ENTRIES SUPPLIED section start

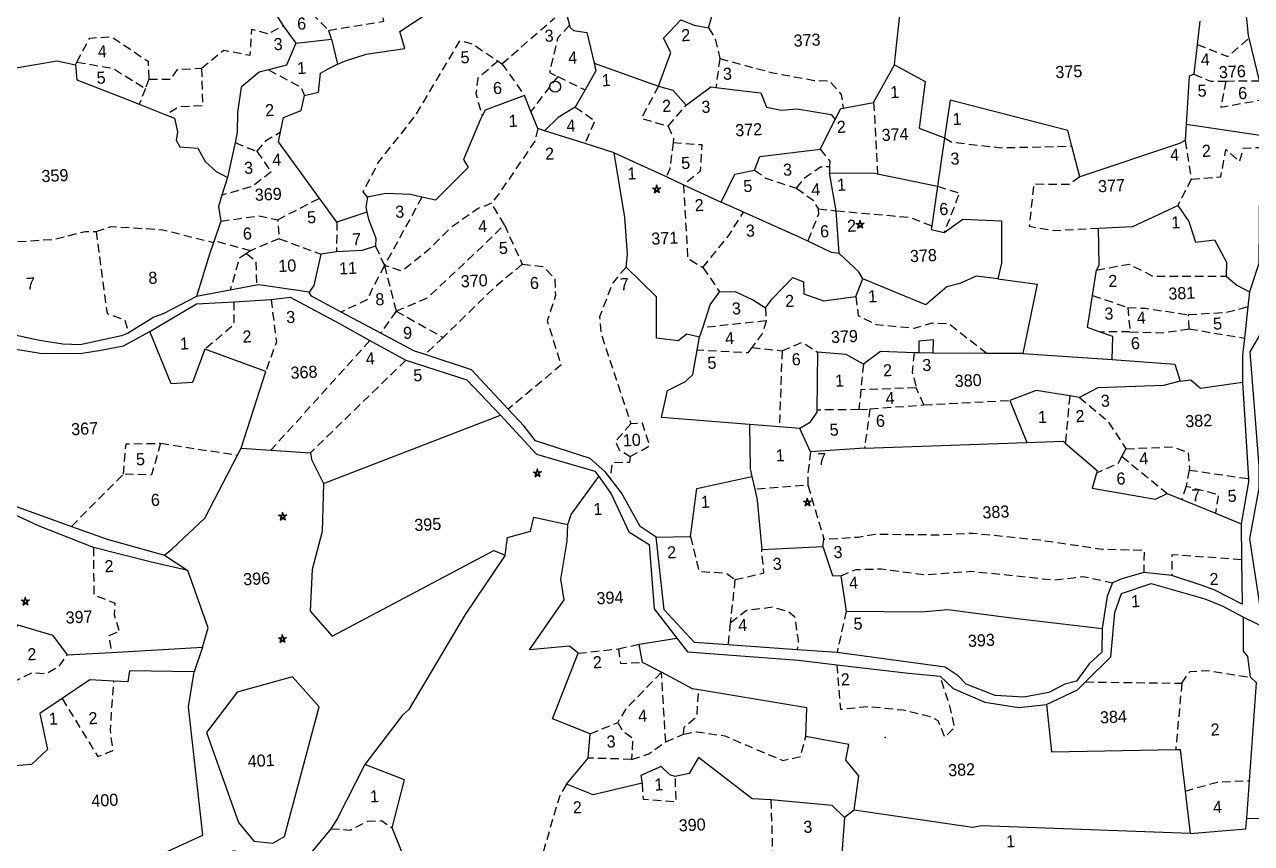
# Model space of a CAD drawing. Header units: metres. Extents: x 291156 to 294456, y 2095569 to 2100949.
# Drawn here: x 292372 to 293248, y 2097391 to 2097976 of the extents above; entities that cross this region are included whole.
import ezdxf
from ezdxf.enums import TextEntityAlignment as Align

# ---------------------------------------------------------------- set-up
doc = ezdxf.new("R2010")
doc.units = ezdxf.units.M
doc.header["$MEASUREMENT"] = 0
doc.linetypes.add('DASHED', pattern=[0.75, 0.5, -0.25])
for name, color, linetype in [('OFF', 1, 'Continuous'), ('POLY_PARCEL', 6, 'Continuous'), ('POLY_ROAD', 30, 'Continuous'), ('POLY_SUBPARCEL', 6, 'DASHED'), ('POLY_WATER', 4, 'Continuous'), ('SYM_STONE', 1, 'Continuous'), ('SYM_WELL', 1, 'Continuous'), ('TEXT_MAPIN', 7, 'Continuous'), ('TEXT_PARCEL', 7, 'Continuous')]:
    doc.layers.add(name, color=color, linetype=linetype)
doc.styles.add('TEXT_MAP', font='KRDEV050.TTF', dxfattribs={"height": 2.5})

# ---------------------------------------------------------------- blocks, each defined once
blk = doc.blocks.new('STONE_STAR')
for points in [[(-0.61, 0.2), (0.61, 0.2), (-0.38, -0.52), (-0.23, -0.07)], [(0, 0.64), (-0.38, -0.52), (0, -0.24), (0.38, -0.52)]]:
    blk.add_lwpolyline(points, close=True)
blk.add_lwpolyline([(-0.23, -0.07), (0, -0.24)])
blk = doc.blocks.new('PAKKAWELL')
blk.add_circle((0, 0), 1.81)
blk = doc.blocks.new('dc')
at = {"layer": 'OFF'}
blk.add_lwpolyline([(299281.32, 2099061.77), (299294.57, 2099051.92)], dxfattribs=at)
at = {"layer": 'POLY_PARCEL'}
for points in [[(299397.25, 2099345.71), (299401.35, 2099347.45), (299414.35, 2099350.85), (299437.25, 2099353.02), (299434.77, 2099363.22), (299451.49, 2099373.12), (299453.03, 2099380.55), (299481.34, 2099414.46)], [(299616.7, 2099356.48), (299627.22, 2099387.1)], [(299359.61, 2099381.77), (299366.29, 2099369.96)], [(299366.29, 2099369.96), (299373.31, 2099359.31)], [(299532.71, 2099371.77), (299534.87, 2099362.08)], [(299192.9, 2099352.04), (299208.99, 2099352.97), (299232.21, 2099355.75), (299243.04, 2099352.97)], [(299373.31, 2099359.31), (299367.22, 2099346.66), (299356.43, 2099344.44)], [(299373.31, 2099359.31), (299394.32, 2099360.75)], [(299394.32, 2099360.75), (299397.25, 2099345.71)], [(299534.87, 2099362.08), (299535.19, 2099360.64), (299537.05, 2099358.78), (299544.78, 2099357.24), (299548.26, 2099339.09)], [(299585.44, 2099323.69), (299593.8, 2099343.17), (299589.77, 2099351.84), (299600.61, 2099362.04), (299608.34, 2099358.64), (299616.7, 2099356.48)], [(299724.97, 2099329.46), (299725.89, 2099335.3), (299729.52, 2099358.78)], [(299243.04, 2099352.97), (299243.35, 2099344), (299269.04, 2099332.55), (299279.39, 2099327.85)], [(299356.43, 2099344.44), (299350.84, 2099343.28), (299339.92, 2099334.97), (299337.06, 2099320.16), (299336.28, 2099308.47), (299334.69, 2099302.5)], [(299376.9, 2099328.27), (299385.25, 2099329.82), (299386.95, 2099340.96), (299391.13, 2099343.12), (299397.25, 2099345.71)], [(299905.96, 2099346.42), (299903.78, 2099332.78)], [(299548.26, 2099339.09), (299549.15, 2099334.44), (299542.16, 2099323.55)], [(299548.26, 2099339.09), (299585.44, 2099323.69)], [(299279.39, 2099327.85), (299294.65, 2099320.92)], [(299361.7, 2099307.49), (299363.9, 2099315.9), (299374.42, 2099319.61), (299376.9, 2099328.27)], [(299711.71, 2099307.9), (299724.97, 2099329.46)], [(299724.97, 2099329.46), (299742.65, 2099318.81), (299737.71, 2099291.53), (299752.43, 2099285.05)], [(299903.78, 2099332.78), (299901.02, 2099315.51)], [(299294.65, 2099320.92), (299299.68, 2099318.63), (299301.06, 2099310.52), (299300.13, 2099305.57), (299301.99, 2099301.55), (299312.51, 2099300.31), (299316.53, 2099292.27), (299322.72, 2099286.08), (299329.27, 2099282.23)], [(299506.39, 2099322), (299482.87, 2099314.58), (299480.92, 2099311.27)], [(299509.66, 2099312.48), (299506.39, 2099322)], [(299542.16, 2099323.55), (299535.84, 2099313.72)], [(299585.44, 2099323.69), (299593.8, 2099320.9), (299601.22, 2099311.62)], [(299601.22, 2099311.62), (299616.39, 2099321.83), (299619.26, 2099321.32)], [(299619.26, 2099321.32), (299635.27, 2099318.43), (299645.48, 2099316.88), (299648.58, 2099308.22), (299657.24, 2099306.06), (299666.53, 2099306.37), (299686.34, 2099302.04), (299688.66, 2099299.03)], [(299513.2, 2099302.21), (299509.66, 2099312.48)], [(299535.84, 2099313.72), (299525.63, 2099308.15), (299517.21, 2099300.72)], [(299901.02, 2099315.51), (299898.16, 2099314.47), (299895.05, 2099286.13)], [(299410.34, 2099257.82), (299392.37, 2099252.8), (299360.19, 2099301.67), (299361.7, 2099307.49)], [(299480.92, 2099311.27), (299479.77, 2099309.32), (299468.63, 2099286.12), (299471.1, 2099281.17), (299450.99, 2099262.92), (299443.09, 2099265.11)], [(299688.66, 2099299.03), (299692.22, 2099305.3), (299693.64, 2099305.49)], [(299693.64, 2099305.49), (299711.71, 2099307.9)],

ENTRIES SUPPLIED section end

Scan the records for the string "import" and report each line where it occurs.

import ezdxf
from ezdxf.enums import TextEntityAlignment as Align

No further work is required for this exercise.